# what's your favorite cleaning tool?



## where I want to (Oct 28, 2008)

I love my Oxo cleaning wand. It's a scrub pad on an extendable handle. I only saw it for sale once but luckily the replaceable pads are very durable. And I bought three extras.


----------



## sapphira (Mar 24, 2003)

I am horrified ! The very thought of choosing ONE !!! Whatever would I do !! s


----------



## simi-steading (Sep 27, 2012)

Pressure washer 

I just haven't been able to talk my wife into letting me try it in the kitchen and bathrooms..


----------



## sapphira (Mar 24, 2003)

OK, now I'm cracked up ! My 99 dollar precious precious pressure washer is in the back room - before the freeze it had ice in it and refused to work.

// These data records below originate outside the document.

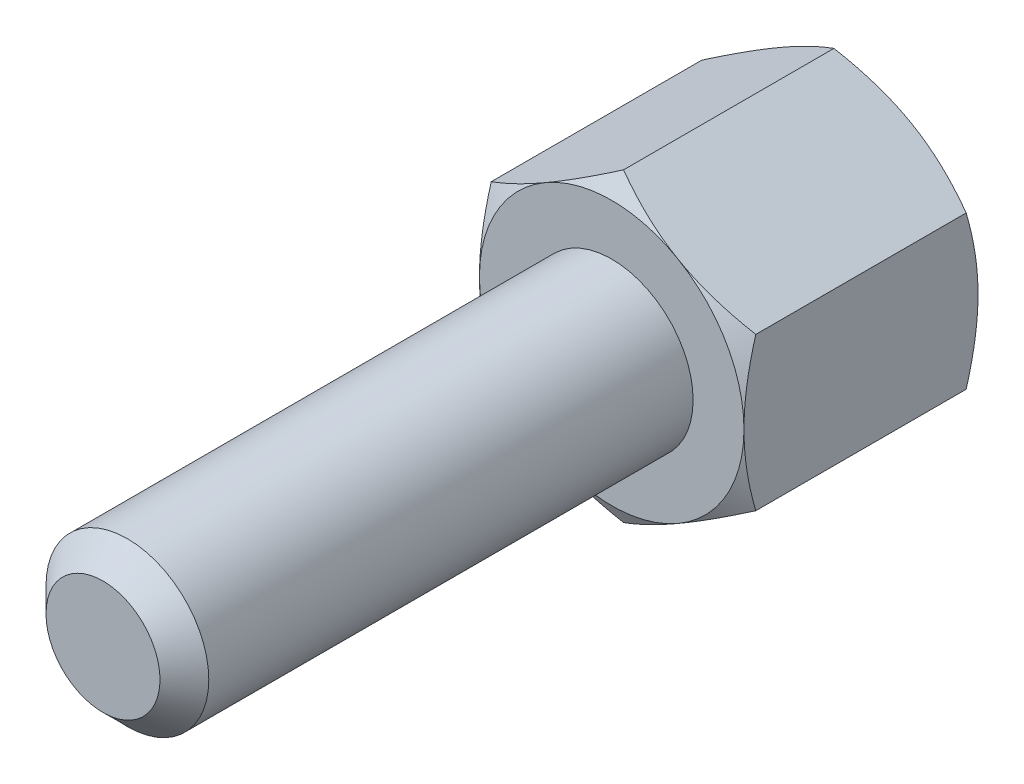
ISO-10303-21;
HEADER;
FILE_DESCRIPTION(('STEP AP214'),'2;1');
FILE_NAME('part.step','',(''),(''),'','','');
FILE_SCHEMA(('AUTOMOTIVE_DESIGN { 1 0 10303 214 1 1 1 1 }'));
ENDSEC;
DATA;
#1=APPLICATION_CONTEXT('core data for automotive mechanical design processes');
#2=APPLICATION_PROTOCOL_DEFINITION('international standard','automotive_design',2000,#1);
#3=PRODUCT_CONTEXT('',#1,'mechanical');
#4=PRODUCT('Part','Part','',(#3));
#5=PRODUCT_RELATED_PRODUCT_CATEGORY('part','',(#4));
#6=PRODUCT_DEFINITION_FORMATION('','',#4);
#7=PRODUCT_DEFINITION_CONTEXT('part definition',#1,'design');
#8=PRODUCT_DEFINITION('design','',#6,#7);
#9=PRODUCT_DEFINITION_SHAPE('','',#8);
#10=(LENGTH_UNIT() NAMED_UNIT(*) SI_UNIT(.MILLI.,.METRE.));
#11=(NAMED_UNIT(*) PLANE_ANGLE_UNIT() SI_UNIT($,.RADIAN.));
#12=(NAMED_UNIT(*) SI_UNIT($,.STERADIAN.) SOLID_ANGLE_UNIT());
#13=UNCERTAINTY_MEASURE_WITH_UNIT(LENGTH_MEASURE(1.E-05),#10,'distance_accuracy_value','');
#14=(GEOMETRIC_REPRESENTATION_CONTEXT(3) GLOBAL_UNCERTAINTY_ASSIGNED_CONTEXT((#13)) GLOBAL_UNIT_ASSIGNED_CONTEXT((#10,
#11,#12)) REPRESENTATION_CONTEXT('',''));
#15=CARTESIAN_POINT('',(0.,0.,0.));
#16=DIRECTION('',(0.,0.,1.));
#17=DIRECTION('',(1.,0.,0.));
#18=AXIS2_PLACEMENT_3D('',#15,#16,#17);
#19=CARTESIAN_POINT('',(0.,-7.50555349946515,28.));
#20=DIRECTION('',(-0.5,-0.866025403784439,0.));
#21=DIRECTION('',(-0.866025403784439,0.5,0.));
#22=AXIS2_PLACEMENT_3D('',#19,#20,#21);
#23=PLANE('',#22);
#24=DIRECTION('',(0.,0.,-1.));
#25=VECTOR('',#24,1.);
#26=CARTESIAN_POINT('',(-6.5,-3.75277674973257,28.));
#27=LINE('',#26,#25);
#28=CARTESIAN_POINT('',(-6.5,-3.75277674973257,12.4194434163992));
#29=VERTEX_POINT('',#28);
#30=CARTESIAN_POINT('',(-6.5,-3.75277674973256,2.08055658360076));
#31=VERTEX_POINT('',#30);
#32=EDGE_CURVE('E134',#29,#31,#27,.T.);
#33=ORIENTED_EDGE('',*,*,#32,.T.);
#34=CARTESIAN_POINT('',(-6.5002,-3.75266127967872,2.08062325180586));
#35=CARTESIAN_POINT('',(-6.35732254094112,-3.8351516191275,2.03300442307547));
#36=CARTESIAN_POINT('',(-6.21391236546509,-3.91794952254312,1.98754670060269));
#37=CARTESIAN_POINT('',(-5.92592736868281,-4.08421773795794,1.90154868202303));
#38=CARTESIAN_POINT('',(-5.78135207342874,-4.16768832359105,1.86101050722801));
#39=CARTESIAN_POINT('',(-5.34531134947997,-4.41943655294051,1.74757100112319));
#40=CARTESIAN_POINT('',(-5.05212471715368,-4.58870793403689,1.68304780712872));
#41=CARTESIAN_POINT('',(-4.61337625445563,-4.84201947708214,1.60738658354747));
#42=CARTESIAN_POINT('',(-4.46912536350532,-4.92530276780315,1.58583285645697));
#43=CARTESIAN_POINT('',(-4.17997178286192,-5.09224566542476,1.5496903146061));
#44=CARTESIAN_POINT('',(-4.03506915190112,-5.17590523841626,1.53510088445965));
#45=CARTESIAN_POINT('',(-3.74501222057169,-5.34336968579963,1.51325875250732));
#46=CARTESIAN_POINT('',(-3.5998583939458,-5.42717428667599,1.50599772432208));
#47=CARTESIAN_POINT('',(-3.30942466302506,-5.59485627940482,1.49896030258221));
#48=CARTESIAN_POINT('',(-3.16414476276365,-5.67873366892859,1.4991836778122));
#49=CARTESIAN_POINT('',(-2.76612405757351,-5.90853103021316,1.51008345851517));
#50=CARTESIAN_POINT('',(-2.51351353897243,-6.05437578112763,1.5283818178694));
#51=CARTESIAN_POINT('',(-2.00997032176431,-6.34509659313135,1.58640634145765));
#52=CARTESIAN_POINT('',(-1.7590393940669,-6.48997163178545,1.62615233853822));
#53=CARTESIAN_POINT('',(-1.25448277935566,-6.78127752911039,1.72550590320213));
#54=CARTESIAN_POINT('',(-1.00092075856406,-6.92767163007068,1.78553442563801));
#55=CARTESIAN_POINT('',(-0.497578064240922,-7.21827667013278,1.92177499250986));
#56=CARTESIAN_POINT('',(-0.247790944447,-7.3624913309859,1.99795503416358));
#57=CARTESIAN_POINT('',(0.000200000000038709,-7.50566896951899,2.08062325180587));
#58=B_SPLINE_CURVE_WITH_KNOTS('',3,(#34,#35,#36,#37,#38,#39,#40,#41,#42,#43,#44,#45,#46,#47,#48,
#49,#50,#51,#52,#53,#54,#55,#56,#57),.UNSPECIFIED.,.F.,.F.,(4,2,2,2,2,2,2,2,2,2,2,4),(0.,
0.515105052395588,1.03043143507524,2.06322554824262,2.56697389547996,3.07067772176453,
3.57380860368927,4.0769239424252,4.95279354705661,5.82947446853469,6.7255991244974,
7.61996451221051),.UNSPECIFIED.);
#59=CARTESIAN_POINT('',(-3.25,-5.62916512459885,1.5));
#60=VERTEX_POINT('',#59);
#61=EDGE_CURVE('E113',#31,#60,#58,.T.);
#62=ORIENTED_EDGE('',*,*,#61,.T.);
#63=CARTESIAN_POINT('',(0.,-7.50555349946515,2.08055658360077));
#64=VERTEX_POINT('',#63);
#65=EDGE_CURVE('E124',#60,#64,#58,.T.);
#66=ORIENTED_EDGE('',*,*,#65,.T.);
#67=DIRECTION('',(0.,0.,-1.));
#68=VECTOR('',#67,1.);
#69=CARTESIAN_POINT('',(0.,-7.50555349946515,28.));
#70=LINE('',#69,#68);
#71=CARTESIAN_POINT('',(0.,-7.50555349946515,12.4194434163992));
#72=VERTEX_POINT('',#71);
#73=EDGE_CURVE('E312',#72,#64,#70,.T.);
#74=ORIENTED_EDGE('',*,*,#73,.F.);
#75=CARTESIAN_POINT('',(0.000200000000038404,-7.50566896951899,12.4193767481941));
#76=CARTESIAN_POINT('',(-0.142677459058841,-7.42317863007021,12.4669955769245));
#77=CARTESIAN_POINT('',(-0.286087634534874,-7.34038072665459,12.5124532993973));
#78=CARTESIAN_POINT('',(-0.574072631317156,-7.17411251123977,12.5984513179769));
#79=CARTESIAN_POINT('',(-0.718647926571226,-7.09064192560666,12.638989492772));
#80=CARTESIAN_POINT('',(-1.15468865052,-6.8388936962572,12.7524289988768));
#81=CARTESIAN_POINT('',(-1.44787528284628,-6.66962231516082,12.8169521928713));
#82=CARTESIAN_POINT('',(-1.88662374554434,-6.41631077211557,12.8926134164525));
#83=CARTESIAN_POINT('',(-2.03087463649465,-6.33302748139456,12.914167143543));
#84=CARTESIAN_POINT('',(-2.32002821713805,-6.16608458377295,12.9503096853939));
#85=CARTESIAN_POINT('',(-2.46493084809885,-6.08242501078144,12.9648991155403));
#86=CARTESIAN_POINT('',(-2.75498777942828,-5.91496056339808,12.9867412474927));
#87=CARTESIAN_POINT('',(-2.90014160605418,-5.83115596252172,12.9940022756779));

By the way - the 99 dollar one - Greenworks, 1500 psi - works wonders ! did my house and ramps. Will do back screen porch before putting on new screening. VERY good buy for me. s


----------



## sapphira (Mar 24, 2003)

Where I Want To , I will probably now look for this wand. Should be an adventure in my almost nil shopping area ! (but now gotta have one !)


----------



## snowlady (Aug 1, 2011)

My Norwex cloths and a toothbrush.


----------



## where I want to (Oct 28, 2008)

What I really want to find is a scrub brush on a long handle that I can use standing up to clean the floor of the shower stall.


----------



## simi-steading (Sep 27, 2012)

where I want to said:


> What I really want to find is a scrub brush on a long handle that I can use standing up to clean the floor of the shower stall.


Narrow head push broom... 

http://www.yoyo.com/p/melissa-doug-scootin-turtle-push-broom-312263


----------



## pax6 (Feb 7, 2013)

Children!!!


----------